We’re finding quite a few manufacturing flaws in design and implementation. Just installed 3 lift station pumps, replacing 3 older pumps with identical designed systems.

1st pump failed within a week with the impeller blade sheared completely off. Upon taking that pump out of service and staring the second pump, it also failed with the same symptom. We’re hoping the 3rd pump lasts until the other 2 are replaced.

Our entire society has shifted to a “buy it off the shelf and install it as a replacement” society. It’s difficult to find engineers who can pioneer and design from scratch. Unless it is a previously established design and codified, many engineers refuse to provide a design and many simply look dumbfounded when faced with problems.
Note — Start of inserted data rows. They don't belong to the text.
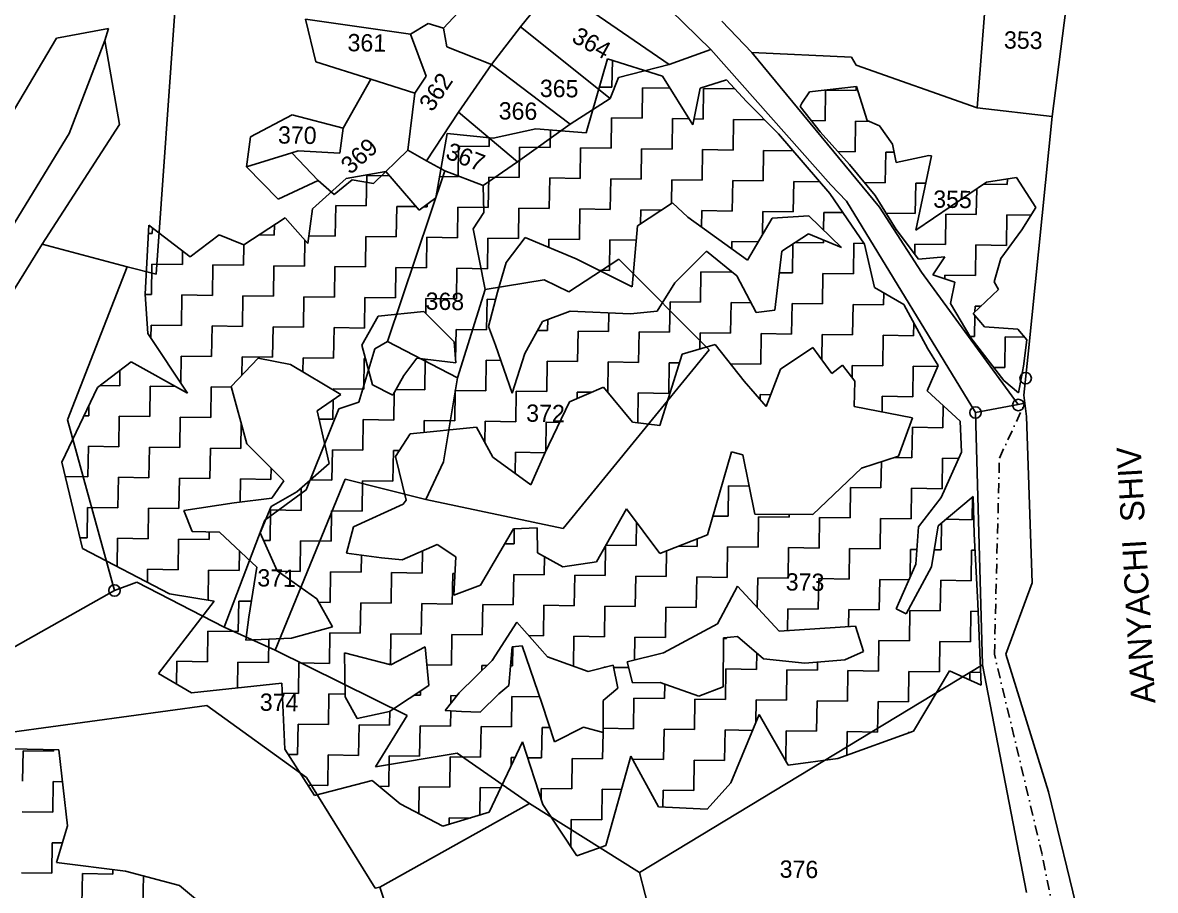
# Model space of a CAD drawing. Header units: metres. Extents: x 303639 to 307187, y 1938623 to 1940837.
# Drawn here: x 306319 to 306887, y 1939395 to 1939830 of the extents above; entities that cross this region are included whole.
import ezdxf

# ---------------------------------------------------------------- set-up
doc = ezdxf.new("R2010")
doc.units = ezdxf.units.M
doc.linetypes.add('DASHDOT', pattern=[1, 0.5, -0.25, 0, -0.25])
for name, color, linetype in [('OFF', 1, 'Continuous'), ('POLY_HATCH', 12, 'Continuous'), ('POLY_PARCEL', 6, 'Continuous'), ('POLY_ROAD', 30, 'Continuous'), ('POLY_WATER', 4, 'Continuous'), ('TEXT_MAPOUT', 7, 'Continuous'), ('TEXT_PARCEL', 7, 'Continuous'), ('V_BOUND_LINE', 7, 'Continuous'), ('V_BOUND_STREAM_LINE', 7, 'DASHDOT')]:
    doc.layers.add(name, color=color, linetype=linetype)
doc.styles.add('TEXT_MAP', font='')
doc.styles.get('TEXT_MAP').set_extended_font_data('Kruti Dev 050')

msp = doc.modelspace()

# ---------------------------------------------------------------- linework, layer by layer
for centre in [(306821.76, 1939651.7), (306818.1, 1939638.31), (306796.64, 1939634.49), (306364.85, 1939545.32)]:
    msp.add_circle(centre, 2.87)
at = {"layer": 'OFF'}
for p, q in [((306817.97, 1939638.49), (306821.43, 1939639.23)), ((306796.64, 1939634.49), (306817.97, 1939638.49))]:
    msp.add_line(p, q, dxfattribs=at)
at = {"layer": 'POLY_HATCH'}
for p, q in [((306612.05, 1939811.85), (306601.33, 1939774.65)), ((306639.66, 1939803.07), (306612.05, 1939811.85)), ((306654.89, 1939778.73), (306639.66, 1939803.07)), ((306671.84, 1939801.19), (306658.54, 1939797.09)), ((306681.71, 1939790.33), (306671.84, 1939801.19)), ((306713.41, 1939795.2), (306736.93, 1939797.87)), ((306736.93, 1939797.87), (306742.35, 1939780.85)), ((306658.54, 1939797.09), (306654.89, 1939778.73)), ((306709.61, 1939789.53), (306713.41, 1939795.2)), ((306697.77, 1939774.2), (306681.71, 1939790.33)), ((306708.66, 1939787.9), (306709.61, 1939789.53)), ((306718.72, 1939775.25), (306708.66, 1939787.9)), ((306742.35, 1939780.85), (306748.4, 1939778.12)), ((306576.13, 1939776.61), (306554.77, 1939772.08)), ((306601.33, 1939774.65), (306576.13, 1939776.61)), ((306733.45, 1939758.81), (306718.72, 1939775.25)), ((306748.4, 1939778.12), (306755.07, 1939768.95)), ((306531.72, 1939774.37), (306526.08, 1939742.1)), ((306554.77, 1939772.08), (306531.72, 1939774.37)), ((306723.65, 1939744.35), (306697.77, 1939774.2)), ((306755.07, 1939768.95), (306756.88, 1939759.84)), ((306746.34, 1939743.26), (306733.45, 1939758.81)), ((306756.88, 1939759.84), (306773.18, 1939763.4)), ((306774.54, 1939763.17), (306766.72, 1939725.95)), ((306773.18, 1939763.4), (306774.54, 1939763.17)), ((306500.86, 1939755.32), (306480.95, 1939751.84)), ((306517.59, 1939735.96), (306500.86, 1939755.32)), ((306802.06, 1939749.99), (306817.2, 1939752.28)), ((306817.2, 1939752.28), (306826.94, 1939737.34)), ((306480.95, 1939751.84), (306464.09, 1939736.53)), ((306766.72, 1939725.95), (306802.06, 1939749.99)), ((306526.08, 1939742.1), (306517.59, 1939735.96)), ((306741.01, 1939718.91), (306723.65, 1939744.35)), ((306756.77, 1939726.31), (306746.34, 1939743.26)), ((306464.09, 1939736.53), (306461.89, 1939719.23)), ((306627.09, 1939728.01), (306644.76, 1939739.62)), ((306644.76, 1939739.62), (306652.29, 1939732.46)), ((306826.94, 1939737.34), (306819.84, 1939726.07)), ((306450.43, 1939732.07), (306429.67, 1939718.6)), ((306461.89, 1939719.23), (306450.43, 1939732.07)), ((306652.29, 1939732.46), (306682.21, 1939710.88)), ((306682.21, 1939710.88), (306694.65, 1939731.87)), ((306694.65, 1939731.87), (306713.03, 1939733.02)), ((306713.03, 1939733.02), (306729.47, 1939717.27)), ((306382.03, 1939728.38), (306380.3, 1939693.91)), ((306402.74, 1939712.54), (306382.03, 1939728.38)), ((306624.4, 1939697.57), (306627.09, 1939728.01)), ((306712.9, 1939723.99), (306699.51, 1939715.43)), ((306729.47, 1939717.27), (306712.9, 1939723.99)), ((306768.09, 1939711.35), (306756.77, 1939726.31)), ((306819.84, 1939726.07), (306809.4, 1939711.7)), ((306417.39, 1939723.6), (306402.74, 1939712.54)), ((306429.67, 1939718.6), (306417.39, 1939723.6)), ((306561.3, 1939709.74), (306570.8, 1939722.3)), ((306570.8, 1939722.3), (306596.35, 1939711.51)), ((306745.9, 1939697.22), (306741.01, 1939718.91)), ((306661.65, 1939715.4), (306645.9, 1939699.53)), ((306677.02, 1939703.05), (306661.65, 1939715.4)), ((306699.51, 1939715.43), (306695.99, 1939685.85)), ((306781.21, 1939712.52), (306768.09, 1939711.35)), ((306775.28, 1939703.52), (306781.21, 1939712.52)), ((306556.86, 1939694.85), (306561.3, 1939709.74)), ((306596.35, 1939711.51), (306624.4, 1939697.57)), ((306809.4, 1939711.7), (306806.02, 1939700.09)), ((306686.65, 1939684.57), (306677.02, 1939703.05)), ((306786.33, 1939699.87), (306775.28, 1939703.52)), ((306645.9, 1939699.53), (306636.94, 1939685.27)), ((306760.63, 1939688.62), (306745.9, 1939697.22)), ((306784.1, 1939689.1), (306786.33, 1939699.87)), ((306808.18, 1939696.13), (306795.49, 1939684.08)), ((306806.02, 1939700.09), (306808.18, 1939696.13)), ((306380.3, 1939693.91), (306381.63, 1939674.06)), ((306552.38, 1939677.7), (306556.86, 1939694.85)), ((306497.04, 1939682.86), (306519.95, 1939685.08)), ((306519.95, 1939685.08), (306535.27, 1939669.91)), ((306593.44, 1939685.31), (306579.53, 1939680.14)), ((306623.65, 1939684.04), (306593.44, 1939685.31)), ((306636.94, 1939685.27), (306623.65, 1939684.04)), ((306695.99, 1939685.85), (306686.65, 1939684.57)), ((306772.67, 1939666.47), (306760.63, 1939688.62)), ((306794.25, 1939672.01), (306784.1, 1939689.1)), ((306488.93, 1939668.3), (306497.04, 1939682.86)), ((306579.53, 1939680.14), (306570.55, 1939664.18)), ((306795.49, 1939684.08), (306801.19, 1939677.49)), ((306381.63, 1939674.06), (306401.44, 1939644.29)), ((306555.92, 1939668.34), (306552.38, 1939677.7)), ((306801.19, 1939677.49), (306817.86, 1939676.33)), ((306817.86, 1939676.33), (306822.44, 1939670.9)), ((306494.3, 1939648.47), (306488.93, 1939668.3)), ((306535.27, 1939669.91), (306535.98, 1939659.46)), ((306564.34, 1939644.23), (306555.92, 1939668.34)), ((306666.07, 1939668.63), (306649.6, 1939663.84)), ((306680.66, 1939650.25), (306666.07, 1939668.63)), ((306715.1, 1939667.18), (306698.81, 1939656.19)), ((306724.6, 1939654.02), (306715.1, 1939667.18)), ((306810.91, 1939650.54), (306794.25, 1939672.01)), ((306822.44, 1939670.9), (306820.75, 1939657.7)), ((306436.86, 1939661.69), (306423.39, 1939647.49)), ((306453.2, 1939658.64), (306436.86, 1939661.69)), ((306516.52, 1939661.71), (306509.9, 1939653.05)), ((306535.98, 1939659.46), (306516.52, 1939661.71)), ((306570.55, 1939664.18), (306564.34, 1939644.23)), ((306649.6, 1939663.84), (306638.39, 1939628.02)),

We’ve started flying to the manufacturer’s factories to witness their testing procedures and are finding our turbines failing during their testing procedures, and the manufacturers at a loss to bring them into compliance. We fear not witnessing the tests as they will just rubber stamp their documents and send out defective product anyways.

We open up new turbines, compressors, generators, switchgear, to find loose wires hanging within cabinets and no clear and obvious points of connect.

Those of us who know how to troubleshoot and have built them from the bottom up are getting older and retiring. The newer generation is lost.


11 posted on 02/23/2013 12:08:26 PM PST by Cvengr (Adversity in life and death is inevitable. Thru faith in Christ, stress is optional.)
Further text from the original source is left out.